TASK PROMPT
Only the lines below starting at the one that contains "#39=CIRCLE('',#38,2.05);" and ending at the one that contains "#66=CIRCLE('',#65,1.);" are to be reproduced, exactly and with both ends kept.

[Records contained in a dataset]

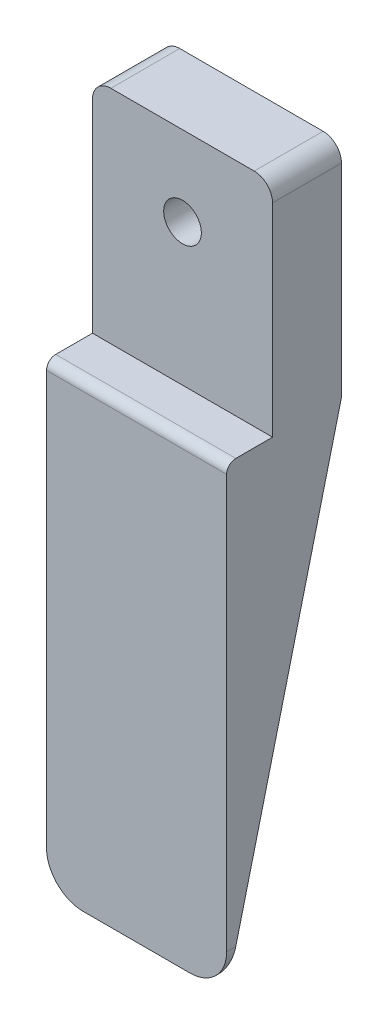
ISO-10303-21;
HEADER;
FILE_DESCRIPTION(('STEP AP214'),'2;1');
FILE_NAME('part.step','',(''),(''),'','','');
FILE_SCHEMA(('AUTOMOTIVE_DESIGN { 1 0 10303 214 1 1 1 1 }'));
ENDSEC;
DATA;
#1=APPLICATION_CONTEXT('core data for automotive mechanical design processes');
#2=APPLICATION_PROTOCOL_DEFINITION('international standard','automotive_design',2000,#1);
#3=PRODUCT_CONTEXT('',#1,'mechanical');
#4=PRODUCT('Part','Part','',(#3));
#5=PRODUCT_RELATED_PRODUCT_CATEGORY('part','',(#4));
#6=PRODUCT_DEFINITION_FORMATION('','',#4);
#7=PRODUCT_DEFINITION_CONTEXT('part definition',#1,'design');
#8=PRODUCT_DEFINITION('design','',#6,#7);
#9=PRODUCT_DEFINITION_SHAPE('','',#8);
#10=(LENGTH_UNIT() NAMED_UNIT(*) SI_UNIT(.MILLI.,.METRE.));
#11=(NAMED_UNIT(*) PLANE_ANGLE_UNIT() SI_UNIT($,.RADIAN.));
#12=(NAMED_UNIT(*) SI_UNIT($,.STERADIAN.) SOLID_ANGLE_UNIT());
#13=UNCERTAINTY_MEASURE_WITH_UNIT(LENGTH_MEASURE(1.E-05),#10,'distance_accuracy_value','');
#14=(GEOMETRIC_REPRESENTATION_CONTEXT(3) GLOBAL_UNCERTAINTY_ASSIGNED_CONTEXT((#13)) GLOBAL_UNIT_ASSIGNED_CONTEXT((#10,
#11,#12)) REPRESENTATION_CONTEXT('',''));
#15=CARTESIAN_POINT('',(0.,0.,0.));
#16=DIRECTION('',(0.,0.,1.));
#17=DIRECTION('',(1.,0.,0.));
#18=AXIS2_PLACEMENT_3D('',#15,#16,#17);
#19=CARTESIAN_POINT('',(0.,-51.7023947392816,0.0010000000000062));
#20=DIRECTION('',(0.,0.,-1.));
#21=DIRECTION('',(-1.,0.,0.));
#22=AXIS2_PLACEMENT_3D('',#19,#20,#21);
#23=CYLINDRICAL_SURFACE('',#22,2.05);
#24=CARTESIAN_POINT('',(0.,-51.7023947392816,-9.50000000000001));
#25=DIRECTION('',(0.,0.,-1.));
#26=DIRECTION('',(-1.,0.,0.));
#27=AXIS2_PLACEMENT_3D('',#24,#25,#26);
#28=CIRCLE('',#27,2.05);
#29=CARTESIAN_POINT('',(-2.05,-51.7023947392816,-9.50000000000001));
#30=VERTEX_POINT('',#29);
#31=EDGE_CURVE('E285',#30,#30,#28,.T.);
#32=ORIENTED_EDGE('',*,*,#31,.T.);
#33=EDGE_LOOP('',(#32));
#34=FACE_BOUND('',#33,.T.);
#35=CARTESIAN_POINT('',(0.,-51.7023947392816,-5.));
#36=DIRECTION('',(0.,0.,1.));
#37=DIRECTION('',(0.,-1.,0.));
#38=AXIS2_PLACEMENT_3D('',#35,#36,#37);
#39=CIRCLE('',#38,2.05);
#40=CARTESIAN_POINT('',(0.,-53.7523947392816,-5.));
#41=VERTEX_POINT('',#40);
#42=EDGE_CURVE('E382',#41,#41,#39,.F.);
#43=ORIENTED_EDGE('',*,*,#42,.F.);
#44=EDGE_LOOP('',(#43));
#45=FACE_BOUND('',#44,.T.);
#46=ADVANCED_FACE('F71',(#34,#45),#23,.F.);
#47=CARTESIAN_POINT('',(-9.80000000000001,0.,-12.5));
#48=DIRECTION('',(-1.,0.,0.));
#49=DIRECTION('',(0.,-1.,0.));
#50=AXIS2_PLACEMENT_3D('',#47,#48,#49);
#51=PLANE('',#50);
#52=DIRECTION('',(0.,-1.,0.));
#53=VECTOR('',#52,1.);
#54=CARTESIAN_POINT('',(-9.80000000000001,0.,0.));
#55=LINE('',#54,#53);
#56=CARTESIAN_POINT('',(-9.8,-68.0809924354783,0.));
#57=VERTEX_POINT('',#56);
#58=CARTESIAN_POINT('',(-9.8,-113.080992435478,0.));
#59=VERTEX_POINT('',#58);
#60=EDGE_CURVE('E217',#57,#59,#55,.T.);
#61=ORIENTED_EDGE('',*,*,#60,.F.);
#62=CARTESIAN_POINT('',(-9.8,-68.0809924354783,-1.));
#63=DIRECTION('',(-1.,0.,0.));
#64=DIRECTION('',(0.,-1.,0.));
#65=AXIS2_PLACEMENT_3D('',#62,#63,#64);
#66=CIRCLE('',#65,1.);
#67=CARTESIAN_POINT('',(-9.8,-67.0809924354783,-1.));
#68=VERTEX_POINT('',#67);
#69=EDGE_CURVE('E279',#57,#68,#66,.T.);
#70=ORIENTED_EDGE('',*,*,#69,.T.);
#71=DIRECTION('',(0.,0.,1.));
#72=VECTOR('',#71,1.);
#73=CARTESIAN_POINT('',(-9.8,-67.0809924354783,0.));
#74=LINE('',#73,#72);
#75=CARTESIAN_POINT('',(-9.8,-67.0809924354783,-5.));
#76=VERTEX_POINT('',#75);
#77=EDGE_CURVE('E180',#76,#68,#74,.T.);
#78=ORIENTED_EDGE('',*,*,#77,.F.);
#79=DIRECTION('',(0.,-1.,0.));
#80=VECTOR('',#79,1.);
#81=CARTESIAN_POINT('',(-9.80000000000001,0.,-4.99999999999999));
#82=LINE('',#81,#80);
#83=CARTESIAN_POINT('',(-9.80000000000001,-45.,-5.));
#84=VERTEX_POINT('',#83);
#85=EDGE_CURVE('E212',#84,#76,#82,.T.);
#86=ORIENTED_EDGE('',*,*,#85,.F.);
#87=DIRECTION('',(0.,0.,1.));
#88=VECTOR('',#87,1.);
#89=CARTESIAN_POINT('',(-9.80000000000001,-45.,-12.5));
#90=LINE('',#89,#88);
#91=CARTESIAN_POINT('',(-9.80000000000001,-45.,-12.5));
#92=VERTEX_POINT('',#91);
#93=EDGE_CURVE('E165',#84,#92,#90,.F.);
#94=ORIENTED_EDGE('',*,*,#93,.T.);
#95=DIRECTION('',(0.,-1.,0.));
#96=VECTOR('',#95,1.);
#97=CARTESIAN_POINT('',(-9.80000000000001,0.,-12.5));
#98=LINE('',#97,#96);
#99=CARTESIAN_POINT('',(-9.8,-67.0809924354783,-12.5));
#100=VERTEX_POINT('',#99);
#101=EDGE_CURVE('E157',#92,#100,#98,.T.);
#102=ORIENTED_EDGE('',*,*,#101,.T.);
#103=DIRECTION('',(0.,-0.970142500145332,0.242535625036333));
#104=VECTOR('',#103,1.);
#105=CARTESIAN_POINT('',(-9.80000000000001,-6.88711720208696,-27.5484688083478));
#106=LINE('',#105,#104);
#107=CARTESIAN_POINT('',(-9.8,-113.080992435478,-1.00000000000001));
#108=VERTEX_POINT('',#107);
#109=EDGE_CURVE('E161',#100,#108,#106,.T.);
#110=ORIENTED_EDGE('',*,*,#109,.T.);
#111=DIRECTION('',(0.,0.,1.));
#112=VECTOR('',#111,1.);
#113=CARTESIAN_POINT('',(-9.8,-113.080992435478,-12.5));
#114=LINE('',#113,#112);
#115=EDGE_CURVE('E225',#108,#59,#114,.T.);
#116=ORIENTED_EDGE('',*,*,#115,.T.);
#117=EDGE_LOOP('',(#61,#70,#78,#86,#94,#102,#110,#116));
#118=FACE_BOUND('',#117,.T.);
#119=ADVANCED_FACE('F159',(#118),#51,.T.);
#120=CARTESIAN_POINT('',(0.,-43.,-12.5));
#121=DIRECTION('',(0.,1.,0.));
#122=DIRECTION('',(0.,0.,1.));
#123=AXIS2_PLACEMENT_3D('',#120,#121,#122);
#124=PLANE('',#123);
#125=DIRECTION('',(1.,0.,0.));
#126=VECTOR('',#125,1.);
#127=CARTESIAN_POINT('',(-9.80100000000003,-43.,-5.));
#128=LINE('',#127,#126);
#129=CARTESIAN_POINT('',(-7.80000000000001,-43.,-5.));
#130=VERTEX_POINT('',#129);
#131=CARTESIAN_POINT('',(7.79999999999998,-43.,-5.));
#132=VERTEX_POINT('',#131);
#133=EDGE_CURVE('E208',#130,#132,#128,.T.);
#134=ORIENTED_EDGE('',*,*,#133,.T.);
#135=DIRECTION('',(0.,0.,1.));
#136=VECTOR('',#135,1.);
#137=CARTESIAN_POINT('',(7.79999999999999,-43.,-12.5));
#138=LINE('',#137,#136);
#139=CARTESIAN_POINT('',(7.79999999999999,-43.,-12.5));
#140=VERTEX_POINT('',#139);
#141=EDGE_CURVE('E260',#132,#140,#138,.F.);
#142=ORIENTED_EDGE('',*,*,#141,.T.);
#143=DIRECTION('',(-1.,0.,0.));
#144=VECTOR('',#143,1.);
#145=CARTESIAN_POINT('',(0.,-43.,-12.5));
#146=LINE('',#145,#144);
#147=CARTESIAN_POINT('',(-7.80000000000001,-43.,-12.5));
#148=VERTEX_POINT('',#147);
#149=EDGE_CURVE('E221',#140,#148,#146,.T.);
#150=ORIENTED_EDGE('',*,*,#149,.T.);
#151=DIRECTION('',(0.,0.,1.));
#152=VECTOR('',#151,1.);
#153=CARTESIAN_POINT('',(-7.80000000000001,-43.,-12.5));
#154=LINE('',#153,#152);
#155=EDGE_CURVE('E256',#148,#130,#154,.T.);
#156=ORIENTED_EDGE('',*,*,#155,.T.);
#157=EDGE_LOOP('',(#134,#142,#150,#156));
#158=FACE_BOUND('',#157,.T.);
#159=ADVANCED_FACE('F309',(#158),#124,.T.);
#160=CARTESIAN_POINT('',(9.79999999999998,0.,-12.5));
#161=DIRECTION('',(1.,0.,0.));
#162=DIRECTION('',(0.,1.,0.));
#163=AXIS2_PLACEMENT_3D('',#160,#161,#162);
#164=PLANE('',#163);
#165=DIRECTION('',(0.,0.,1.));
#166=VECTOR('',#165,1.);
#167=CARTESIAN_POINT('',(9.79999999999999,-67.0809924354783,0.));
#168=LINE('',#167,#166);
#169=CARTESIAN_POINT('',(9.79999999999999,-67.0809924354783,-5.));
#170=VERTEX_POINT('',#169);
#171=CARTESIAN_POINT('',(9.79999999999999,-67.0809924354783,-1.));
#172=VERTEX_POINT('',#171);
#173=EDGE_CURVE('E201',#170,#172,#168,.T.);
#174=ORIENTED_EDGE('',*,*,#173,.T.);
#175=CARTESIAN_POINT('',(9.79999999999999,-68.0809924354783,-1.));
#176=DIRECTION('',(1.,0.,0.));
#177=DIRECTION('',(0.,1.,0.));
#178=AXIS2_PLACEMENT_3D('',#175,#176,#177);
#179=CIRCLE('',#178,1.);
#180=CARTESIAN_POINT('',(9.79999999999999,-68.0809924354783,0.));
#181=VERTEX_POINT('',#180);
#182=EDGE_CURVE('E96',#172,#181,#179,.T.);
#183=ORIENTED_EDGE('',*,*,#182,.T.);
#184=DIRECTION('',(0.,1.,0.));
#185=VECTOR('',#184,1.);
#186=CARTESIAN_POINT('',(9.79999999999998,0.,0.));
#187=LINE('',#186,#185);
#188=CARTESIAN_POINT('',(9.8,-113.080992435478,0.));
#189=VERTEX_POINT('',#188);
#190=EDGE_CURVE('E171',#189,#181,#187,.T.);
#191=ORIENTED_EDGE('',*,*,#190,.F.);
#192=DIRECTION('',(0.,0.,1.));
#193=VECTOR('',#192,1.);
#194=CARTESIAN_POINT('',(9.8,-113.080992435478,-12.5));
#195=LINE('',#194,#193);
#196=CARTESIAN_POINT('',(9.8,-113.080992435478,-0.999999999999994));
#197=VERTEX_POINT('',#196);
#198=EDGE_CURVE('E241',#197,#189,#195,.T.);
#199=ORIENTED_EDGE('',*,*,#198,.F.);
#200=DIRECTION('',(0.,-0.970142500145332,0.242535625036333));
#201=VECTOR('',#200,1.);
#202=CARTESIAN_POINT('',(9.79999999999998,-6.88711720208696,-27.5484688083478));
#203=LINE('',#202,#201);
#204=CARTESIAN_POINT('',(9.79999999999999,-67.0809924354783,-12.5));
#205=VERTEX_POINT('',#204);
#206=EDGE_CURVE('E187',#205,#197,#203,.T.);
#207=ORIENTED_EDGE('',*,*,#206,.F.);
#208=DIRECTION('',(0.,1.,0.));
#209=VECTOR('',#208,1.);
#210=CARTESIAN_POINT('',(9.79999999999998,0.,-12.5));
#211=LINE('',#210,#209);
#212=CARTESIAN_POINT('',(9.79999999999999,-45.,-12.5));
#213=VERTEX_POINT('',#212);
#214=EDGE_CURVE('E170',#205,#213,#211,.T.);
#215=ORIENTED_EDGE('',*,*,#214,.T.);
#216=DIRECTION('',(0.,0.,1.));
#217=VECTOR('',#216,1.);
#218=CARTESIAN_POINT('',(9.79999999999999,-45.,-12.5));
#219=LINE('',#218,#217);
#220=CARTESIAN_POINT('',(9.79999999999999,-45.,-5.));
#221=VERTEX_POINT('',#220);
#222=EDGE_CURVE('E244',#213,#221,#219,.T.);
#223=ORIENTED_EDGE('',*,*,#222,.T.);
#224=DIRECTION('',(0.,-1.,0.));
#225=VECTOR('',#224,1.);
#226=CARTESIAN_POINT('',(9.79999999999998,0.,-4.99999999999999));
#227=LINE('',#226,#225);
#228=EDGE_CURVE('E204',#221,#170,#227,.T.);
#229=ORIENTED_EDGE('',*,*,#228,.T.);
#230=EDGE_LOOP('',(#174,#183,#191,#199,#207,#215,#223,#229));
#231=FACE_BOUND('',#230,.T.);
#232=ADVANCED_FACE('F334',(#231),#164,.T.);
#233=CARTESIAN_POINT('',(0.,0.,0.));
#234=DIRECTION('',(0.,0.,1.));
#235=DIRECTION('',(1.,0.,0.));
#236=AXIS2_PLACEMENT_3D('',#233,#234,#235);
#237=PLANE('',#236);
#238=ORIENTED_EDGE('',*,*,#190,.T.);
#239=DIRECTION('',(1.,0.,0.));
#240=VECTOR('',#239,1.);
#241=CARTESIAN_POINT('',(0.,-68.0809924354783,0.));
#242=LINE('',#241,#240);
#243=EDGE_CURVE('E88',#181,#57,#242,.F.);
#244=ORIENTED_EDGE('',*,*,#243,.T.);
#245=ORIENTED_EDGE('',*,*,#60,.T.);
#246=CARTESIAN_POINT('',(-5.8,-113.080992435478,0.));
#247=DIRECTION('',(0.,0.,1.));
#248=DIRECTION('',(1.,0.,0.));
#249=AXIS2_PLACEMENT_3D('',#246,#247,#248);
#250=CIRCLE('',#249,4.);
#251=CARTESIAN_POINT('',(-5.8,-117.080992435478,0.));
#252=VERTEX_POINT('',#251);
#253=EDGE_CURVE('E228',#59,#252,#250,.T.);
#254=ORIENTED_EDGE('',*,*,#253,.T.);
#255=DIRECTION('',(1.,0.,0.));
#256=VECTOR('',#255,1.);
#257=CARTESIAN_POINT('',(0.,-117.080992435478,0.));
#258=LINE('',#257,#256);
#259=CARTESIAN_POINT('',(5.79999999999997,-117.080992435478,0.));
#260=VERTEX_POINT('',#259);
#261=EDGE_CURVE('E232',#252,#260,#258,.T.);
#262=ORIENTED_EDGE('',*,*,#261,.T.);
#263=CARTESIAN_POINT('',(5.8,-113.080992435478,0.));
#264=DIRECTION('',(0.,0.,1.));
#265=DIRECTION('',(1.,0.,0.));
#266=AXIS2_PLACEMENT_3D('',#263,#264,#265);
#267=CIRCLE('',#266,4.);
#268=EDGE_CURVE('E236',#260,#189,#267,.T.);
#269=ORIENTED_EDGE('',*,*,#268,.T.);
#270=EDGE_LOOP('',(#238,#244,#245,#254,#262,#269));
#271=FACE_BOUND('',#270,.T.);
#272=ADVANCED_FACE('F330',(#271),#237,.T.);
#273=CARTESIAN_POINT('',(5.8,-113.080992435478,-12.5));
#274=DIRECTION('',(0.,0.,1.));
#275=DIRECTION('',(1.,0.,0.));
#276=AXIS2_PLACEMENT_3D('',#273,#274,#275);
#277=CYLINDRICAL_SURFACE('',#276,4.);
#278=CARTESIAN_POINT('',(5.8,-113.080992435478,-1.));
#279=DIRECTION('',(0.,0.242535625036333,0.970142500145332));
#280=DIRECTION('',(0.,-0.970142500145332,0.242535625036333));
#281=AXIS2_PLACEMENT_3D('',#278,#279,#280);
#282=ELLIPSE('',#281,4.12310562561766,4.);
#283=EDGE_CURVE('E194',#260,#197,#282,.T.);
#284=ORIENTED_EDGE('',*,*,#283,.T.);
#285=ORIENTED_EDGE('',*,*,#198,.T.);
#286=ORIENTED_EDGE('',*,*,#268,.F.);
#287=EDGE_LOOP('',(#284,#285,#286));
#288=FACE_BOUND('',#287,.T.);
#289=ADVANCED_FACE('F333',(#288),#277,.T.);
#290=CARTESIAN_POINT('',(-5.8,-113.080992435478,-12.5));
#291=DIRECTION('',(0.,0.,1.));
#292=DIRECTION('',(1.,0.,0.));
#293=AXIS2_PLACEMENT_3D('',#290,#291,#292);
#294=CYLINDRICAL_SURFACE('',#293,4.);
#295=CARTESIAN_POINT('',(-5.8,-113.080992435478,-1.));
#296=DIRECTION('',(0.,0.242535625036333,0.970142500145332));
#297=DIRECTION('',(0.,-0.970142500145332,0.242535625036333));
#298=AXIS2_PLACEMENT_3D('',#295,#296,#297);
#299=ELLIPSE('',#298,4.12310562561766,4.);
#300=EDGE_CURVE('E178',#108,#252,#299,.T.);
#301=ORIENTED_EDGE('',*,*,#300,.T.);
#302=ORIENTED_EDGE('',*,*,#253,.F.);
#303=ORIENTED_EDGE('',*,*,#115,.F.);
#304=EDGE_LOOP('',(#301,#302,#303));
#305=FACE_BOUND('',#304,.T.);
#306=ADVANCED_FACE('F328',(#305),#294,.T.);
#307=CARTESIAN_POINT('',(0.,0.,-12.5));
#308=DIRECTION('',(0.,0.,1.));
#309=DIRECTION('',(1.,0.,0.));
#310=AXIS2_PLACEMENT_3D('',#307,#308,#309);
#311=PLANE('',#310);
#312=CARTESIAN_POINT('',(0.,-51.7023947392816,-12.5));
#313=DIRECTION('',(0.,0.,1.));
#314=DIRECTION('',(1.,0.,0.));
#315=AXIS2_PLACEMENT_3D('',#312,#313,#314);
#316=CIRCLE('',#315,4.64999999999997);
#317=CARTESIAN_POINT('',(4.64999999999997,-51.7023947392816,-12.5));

RESPONSE AREA
#39=CIRCLE('',#38,2.05);
#40=CARTESIAN_POINT('',(0.,-53.7523947392816,-5.));
#41=VERTEX_POINT('',#40);
#42=EDGE_CURVE('E382',#41,#41,#39,.F.);
#43=ORIENTED_EDGE('',*,*,#42,.F.);
#44=EDGE_LOOP('',(#43));
#45=FACE_BOUND('',#44,.T.);
#46=ADVANCED_FACE('F71',(#34,#45),#23,.F.);
#47=CARTESIAN_POINT('',(-9.80000000000001,0.,-12.5));
#48=DIRECTION('',(-1.,0.,0.));
#49=DIRECTION('',(0.,-1.,0.));
#50=AXIS2_PLACEMENT_3D('',#47,#48,#49);
#51=PLANE('',#50);
#52=DIRECTION('',(0.,-1.,0.));
#53=VECTOR('',#52,1.);
#54=CARTESIAN_POINT('',(-9.80000000000001,0.,0.));
#55=LINE('',#54,#53);
#56=CARTESIAN_POINT('',(-9.8,-68.0809924354783,0.));
#57=VERTEX_POINT('',#56);
#58=CARTESIAN_POINT('',(-9.8,-113.080992435478,0.));
#59=VERTEX_POINT('',#58);
#60=EDGE_CURVE('E217',#57,#59,#55,.T.);
#61=ORIENTED_EDGE('',*,*,#60,.F.);
#62=CARTESIAN_POINT('',(-9.8,-68.0809924354783,-1.));
#63=DIRECTION('',(-1.,0.,0.));
#64=DIRECTION('',(0.,-1.,0.));
#65=AXIS2_PLACEMENT_3D('',#62,#63,#64);
#66=CIRCLE('',#65,1.);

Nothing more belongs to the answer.